```
_________ _ _______ _________ _______ ______ _______ _
\__ __/( ( /|( ____ \\__ __/( ___ )( __ \ ( ___ )|\ /|( ( /|
) ( | \ ( || ( \/ ) ( | ( ) || ( \ )| ( ) || ) ( || \ ( |
| | | \ | || (_____ | | | (___) || | ) || | | || | _ | || \ | |
| | | (\ \) |(_____ ) | | | ___ || | | || | | || |( )| || (\ \) |
| | | | \ | ) | | | | ( ) || | ) || | | || || || || | \ |
___) (___| ) \ |/\____) | | | | ) ( || (__/ )| (___) || () () || ) \ |
\_______/|/ )_)\_______) )_( |/ \|(______/ (_______)(_______)|/ )_)
```
DISCLAIMER: for those of you somehow thinking Steve Jobs was more than an enslaver getting phones out of Foxconn employees' tears, there seems to be an incompatibility between some of your Apple CPUs and the latest GeckoDriver instance. If the related error pops up as you run the cookie creator, you can manually download the correct driver from [the official repository](https://github.com/mozilla/geckodriver/releases). I am guessing that is the aarch64 version. Then put its location (absolute path) in the cookie_creator.py and the InstaDown.py files swapping this string:
```driver = webdriver.Firefox(executable_path=GeckoDriverManager().install(), options=fireFoxOptions)```
with this string, with your path to the downloaded geckodriver obviously:
```driver = webdriver.Firefox(executable_path="INSERT YOUR PATH", options=fireFoxOptions)```
# InstaDown
A simple python script that uses GeckoDriver to intiate an headless Firefox browser agent to download pictures from Instagram posts' URLs.

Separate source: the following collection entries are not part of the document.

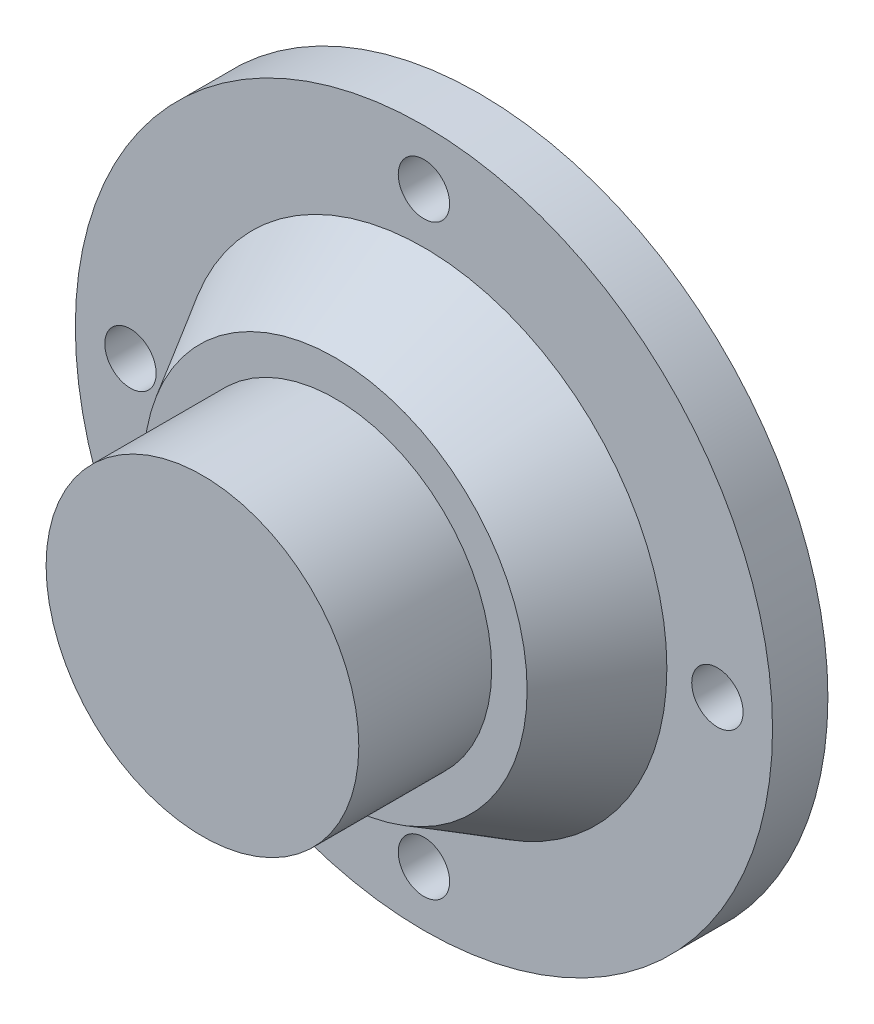
SolidWorks part; units mm, degrees
ref_plane "Front Plane" through (0, 0, 0) normal (0, 0, 1) x (1, 0, 0)
ref_plane "Top Plane" through (0, 0, 0) normal (0, 1, 0) x (1, 0, 0)
ref_plane "Right Plane" through (0, 0, 0) normal (1, 0, 0) x (0, 0, -1)
sketch "Sketch2" plane through (0, 0, 0) normal (1, 0, 0) x (0, 0, -1)
  line L0 (0, 0) -> (15.875, 0)
  line L1 (15.875, 0) -> (15.875, 17.2807)
  line L3 (7.62, 10.9982) -> (7.62, 8.9662)
  line L4 (7.62, 8.9662) -> (0, 8.9662)
  line L5 (0, 0) -> (0, 8.9662)
  line L7 (12.7, 13.9311) -> (7.62, 10.9982)
  line L8 (12.7, 13.9311) -> (12.7, 19.9898)
  line L9 (12.7, 19.9898) -> (15.875, 19.9898)
  line L10 (15.875, 19.9898) -> (15.875, 17.2807)
  dimension "D1" = 19.9898
  dimension "D2" = 12.7
  dimension "D3" = 3.175
  dimension "D4" = 10.9982
  dimension "D5" = 120
  dimension "D6" = 5.08
  dimension "D7" = 2.032
revolve "Revolve1" add sketch "Sketch2" angle 360 about L0
sketch "Sketch3" plane through (0, 0, -15.875) normal (0, 0, -1) x (-1, 0, 0)
  line L0 (-16.8275, 0) -> (16.8275, 0) construction
  line L1 (0, -16.8275) -> (0, 16.8275) construction
  circle A0 centre (0, 0) radius 16.8275 construction
  point P3 (-16.8275, 0)
  point P4 (16.8275, 0)
  point P5 (0, -16.8275)
  point P6 (0, 16.8275)
  dimension "D1" = 33.655
hole_wizard "#4 Clearance Hole1" positions "Sketch3" profile "Sketch4" hole size "#4" standard "ANSI Inch" end condition through all
sketch "Sketch4" plane through (0, 16.8275, -15.875) normal (1, 0, 0) x (0, 1, 0)
  line L0 (0, 0) -> (0, 15.875)
  line L1 (0, 15.875) -> (1.4732, 15.875)
  line L2 (1.4732, 15.875) -> (1.4732, 0)
  line L5 (1.4732, 0) -> (0, 0)
  line L11 (0, -6.35) -> (0, 107.95) construction
  dimension "Thru Hole Dia." = 2.9464
  dimension "Thru Hole Depth" = 15.875
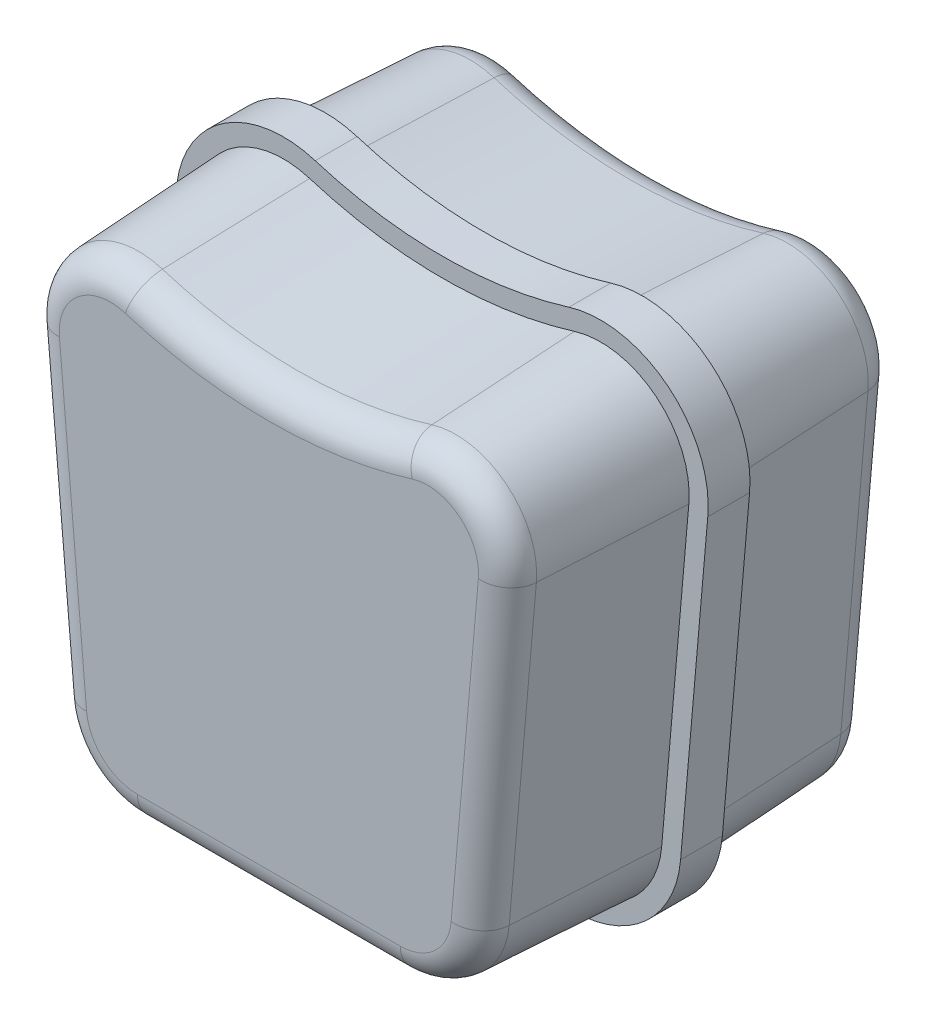
SolidWorks part; units mm, degrees
note: The reader was unsure of these and kept them because the rebuilt part matched: shared geometry of "Sketch1<2>".
ref_plane "Front Plane" through (0, 0, 0) normal (1, 0, 0) x (0, 1, 0)
ref_plane "Top Plane" through (0, 0, 0) normal (0, 0, 1) x (0, 1, 0)
ref_plane "Right Plane" through (0, 0, 0) normal (0, 1, 0) x (-1, 0, 0)
sketch "Sketch1" plane through (0, 0, 0) normal (0, 0, 1) x (0, 1, 0)
  line L0 (-39, -22) -> (-39, 22)
  line L1 (-25.3073, 36.9429) -> (26.6979, 41.4928)
  line L2 (39, 0) -> (-39, 0) construction
  line L3 (-55, 0) -> (55, 0) construction
  line L4 (-25.3073, -36.9429) -> (26.6979, -41.4928)
  arc A0 (-39, 22) -> (-25.3073, 36.9429) centre (-24, 22) cw
  arc A1 (26.6979, 41.4928) -> (42.3377, 22.1249) centre (28.0052, 26.5499) cw
  arc A2 (42.3377, 22.1249) -> (42.3377, -22.1249) centre (114, 0) ccw
  arc A3 (26.6979, -41.4928) -> (42.3377, -22.1249) centre (28.0052, -26.5499) ccw
  arc A4 (-39, -22) -> (-25.3073, -36.9429) centre (-24, -22) ccw
  point P9 (0, 0)
  point P10 (-53.435, 0)
  point P12 (0, 0)
  point P13 (38.0989, 56.3573)
  point P14 (51.7652, 34.2318)
  point P15 (0, 0)
  point P16 (28.2122, 42.1542)
  point P25 (-65.3667, 0)
  point P26 (39, 0)
  point P27 (42.8922, 0)
  dimension "D1" = 75
  dimension "D2" = 15
  dimension "D3" = 5
  dimension "D4" = 78
  dimension "D5" = 22
extrude "Boss-Extrude1" add sketch "Sketch1" along normal mid plane 65 draft 3
fillet "Fillet1" radius 5 16 edges at (30.9832, -33.8034, -32.5) (37.5211, 0.8437, -32.5) (34.9036, 38.3502, -32.5) (0, 37.2967, -32.5) (-30.9832, -33.8034, 32.5) (0, -37.2967, 32.5) (30.9832, -33.8034, 32.5) (37.5211, 0.8437, 32.5) (34.9036, 38.3502, 32.5) (-34.9036, 38.3502, -32.5) (0, 37.2967, 32.5) (-34.9036, 38.3502, 32.5) (-37.5211, 0.8437, 32.5) (-37.5211, 0.8437, -32.5) (-30.9832, -33.8034, -32.5) (0, -37.2967, -32.5)
extrude "Extrude-Thin1" add sketch "Sketch1<2>" along normal mid plane 7 thin thin type mid plane wall 6
sketch "Sketch1<2>" plane through (0, 0, 0) normal (0, 0, 1) x (0, 1, 0) same geometry as "Sketch1"
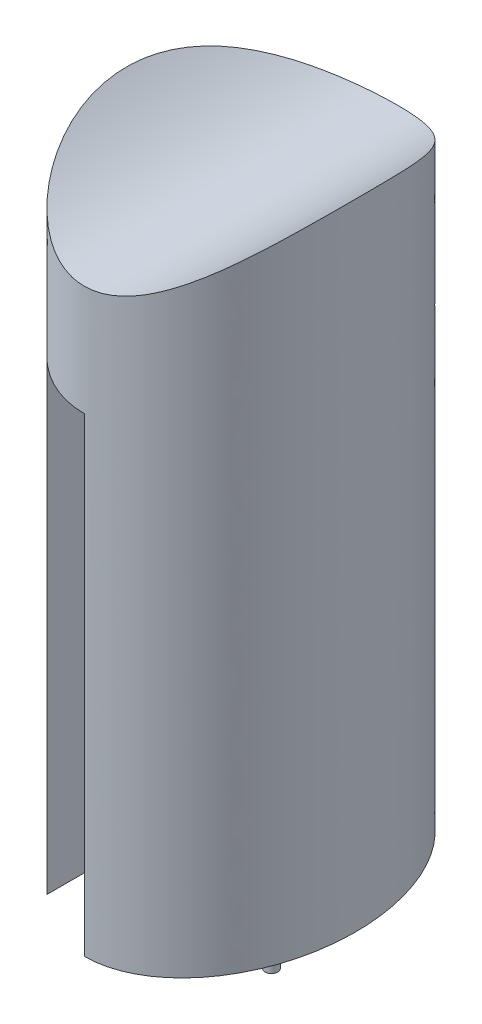
SolidWorks part; units mm, degrees
ref_plane "Front Plane" through (0, 0, 0) normal (0, 0, 1) x (1, 0, 0)
ref_plane "Top Plane" through (0, 0, 0) normal (0, 1, 0) x (1, 0, 0)
ref_plane "Right Plane" through (0, 0, 0) normal (1, 0, 0) x (0, 0, -1)
sketch "Sketch2" plane through (0, 0, 0) normal (0, 1, 0) x (1, 0, 0)
  line L0 (0, -100) -> (0, -130) construction
  line L1 (-60, -38.4615) -> (-60, -100.7905) construction
  ellipse E0 centre (0, 0) end of major axis (0, 130) minor radius 95
  ellipse E1 centre (0, 0) end of major axis (0, 100) minor radius 65
  dimension "D1" = 260
  dimension "D2" = 190
  dimension "D3" = 30
  dimension "D4" = 30
  dimension "D5" = 100
  dimension "D6" = 60
extrude "Boss-Extrude2" add sketch "Sketch2" along normal mid plane 480
sketch "Sketch4" plane through (0, -240, 0) normal (0, -1, 0) x (1, 0, 0)
  line L0 (0, 100) -> (0, 130) construction
  line L1 (-60, 38.4615) -> (-60, 100.7905) construction
  line L2 (0, 100) -> (0, 130)
  line L3 (-60, 38.4615) -> (-60, 100.7905)
  ellipse E0 centre (0, 0) end of major axis (0, -130) minor radius 95 (-60, 100.7905) -> (0, 130) ccw construction
  ellipse E1 centre (0, 0) end of major axis (0, -100) minor radius 65
  ellipse E2 centre (0, 0) end of major axis (0, -100) minor radius 65 (0, 100) -> (-60, 38.4615) ccw
  ellipse E3 centre (0, 0) end of major axis (0, -130) minor radius 95
  ellipse E4 centre (0, 0) end of major axis (0, -130) minor radius 95 (0, 130) -> (-60, 100.7905) ccw
  ellipse E5 centre (0, 0) end of major axis (0, -100) minor radius 65 (-60, 38.4615) -> (0, 100) ccw construction
  dimension "D1" = 0
  dimension "D2" = 0
extrude "Cut-Extrude1" cut sketch "Sketch4" against normal blind 390
sketch "Sketch5" plane through (0, 0, 0) normal (0, 0, 1) x (1, 0, 0)
  line L0 (95, 286.625) -> (95, 240)
  line L1 (95, 240) -> (-95, 240)
  line L2 (-95, 240) -> (-95, 286.625)
  spline S0 degree 2 poles (-110.0834, 302.0918) (0, 180.9082) (110.0834, 302.0918) knots 0 0 0 1 1 1 construction
  spline S1 degree 2 poles (-95, 286.625) (0, 196.375) (95, 286.625) knots 0.068509 0.068509 0.068509 0.931491 0.931491 0.931491
extrude "Boss-Extrude3" add sketch "Sketch5" along normal mid plane 260 contours S1 L0 L1 L2
sketch "Sketch6" plane through (0, -240, 0) normal (0, -1, 0) x (1, 0, 0)
  line L1 (225.729, -255.2298) -> (-261.1087, -255.2298)
  line L2 (225.729, -255.2298) -> (225.729, 322.6028)
  line L3 (225.729, 322.6028) -> (-261.1087, 322.6028)
  line L4 (-261.1087, -255.2298) -> (-261.1087, 322.6028)
  ellipse E0 centre (0, 0) end of major axis (0, -130) minor radius 95 (-95, 0) -> (0, -130) ccw construction
  ellipse E1 centre (0, 0) end of major axis (0, -130) minor radius 95 (0, -130) -> (95, 0) ccw construction
  ellipse E2 centre (0, 0) end of major axis (0, -130) minor radius 95 (95, 0) -> (0, 130) ccw construction
  ellipse E3 centre (0, 0) end of major axis (0, -130) minor radius 95 (0, 130) -> (-95, 0) ccw construction
  ellipse E4 centre (0, 0) end of major axis (0, -130) minor radius 95 (-95, 0) -> (0, -130) ccw
  ellipse E5 centre (0, 0) end of major axis (0, -130) minor radius 95 (0, -130) -> (95, 0) ccw
  ellipse E6 centre (0, 0) end of major axis (0, -130) minor radius 95 (95, 0) -> (0, 130) ccw
  ellipse E7 centre (0, 0) end of major axis (0, -130) minor radius 95 (0, 130) -> (-95, 0) ccw
extrude "Cut-Extrude4" cut sketch "Sketch6" against normal through all both and the other way through all
sketch "Sketch7" plane through (0, 240, 0) normal (0, -1, 0) x (1, 0, 0)
  line L0 (0, 100) -> (0, 130) construction
  line L1 (50.5, 25.25) -> (0, 25.25) construction
  line L2 (50.5, 25.25) -> (50.5, -25.25) construction
  line L3 (50.5, -25.25) -> (0, -25.25) construction
  line L4 (0, 25.25) -> (0, -25.25) construction
  line L5 (50.5, 25.25) -> (0, -25.25) construction
  line L6 (50.5, -25.25) -> (0, 25.25) construction
  line L7 (5.25, 14.75) -> (5.25, -14.75)
  line L8 (10.5, -20) -> (40, -20)
  line L9 (45.25, -14.75) -> (45.25, 14.75)
  line L10 (40, 20) -> (10.5, 20)
  arc A0 (10.5, 20) -> (5.25, 14.75) centre (5.25, 20) ccw
  arc A1 (45.25, 14.75) -> (40, 20) centre (45.25, 20) ccw
  arc A2 (40, -20) -> (45.25, -14.75) centre (45.25, -20) ccw
  arc A3 (5.25, -14.75) -> (10.5, -20) centre (5.25, -20) ccw
  arc A4 (8.9623, 16.2877) -> (10.5, 20) centre (5.25, 20) ccw construction
  arc A5 (5.25, 14.75) -> (8.9623, 16.2877) centre (5.25, 20) ccw construction
  arc A6 (8.9623, -16.2877) -> (5.25, -14.75) centre (5.25, -20) ccw construction
  arc A7 (10.5, -20) -> (8.9623, -16.2877) centre (5.25, -20) ccw construction
  arc A8 (45.25, -14.75) -> (41.5377, -16.2877) centre (45.25, -20) ccw construction
  arc A9 (41.5377, -16.2877) -> (40, -20) centre (45.25, -20) ccw construction
  arc A10 (41.5377, 16.2877) -> (45.25, 14.75) centre (45.25, 20) ccw construction
  arc A11 (40, 20) -> (41.5377, 16.2877) centre (45.25, 20) ccw construction
  point P0 (25.25, 0)
  dimension "D2" = 10.5
  dimension "D1" = 50.5
extrude "Boss-Extrude4" add sketch "Sketch7" along normal blind 521
ref_axis "axis robot spins on" through (25.25, 240, 0) along (0, -1, 0)
equation "\"∩╗┐cas_w\" = 38.1mm"
equation "\"cas_l\" = 83.0mm"
equation "\"cas_h\" = 280.0mm"
equation "\"rail_w\" = 50.5mm"
equation "\"rail_c\" = 10.5mm"
equation "\"D1@Sketch7\"=\"rail_w\""
equation "\"D2@Sketch7\"=\"rail_c\""

The script uses a .txt file with one post link per line to extract the images (the file contains examples already).
It renames the downloaded JPG images with the unique code identifying each post (the one after www.instagram.com/p/...).
Moreover, to ease the login phase, another .py file can be run to login and create a cookies file, that is needed by InstaDown to operate properly
## Installing
Clone this repository from Github or download it.
First you need to install the packages in requirements.txt:
```pip install -r requirements.txt```
## Setting up a list of links for download
Then, you need to open the links_list.txt and add your list of links, one per line, save it.
***IMPORTANT: Add its absolute path in the InstaDown.py file.***
To make it as easy as possible, you just need to open the .py file and search
```INSERT ABSOLUTE PATH TO```
and substitute it with your path to the file.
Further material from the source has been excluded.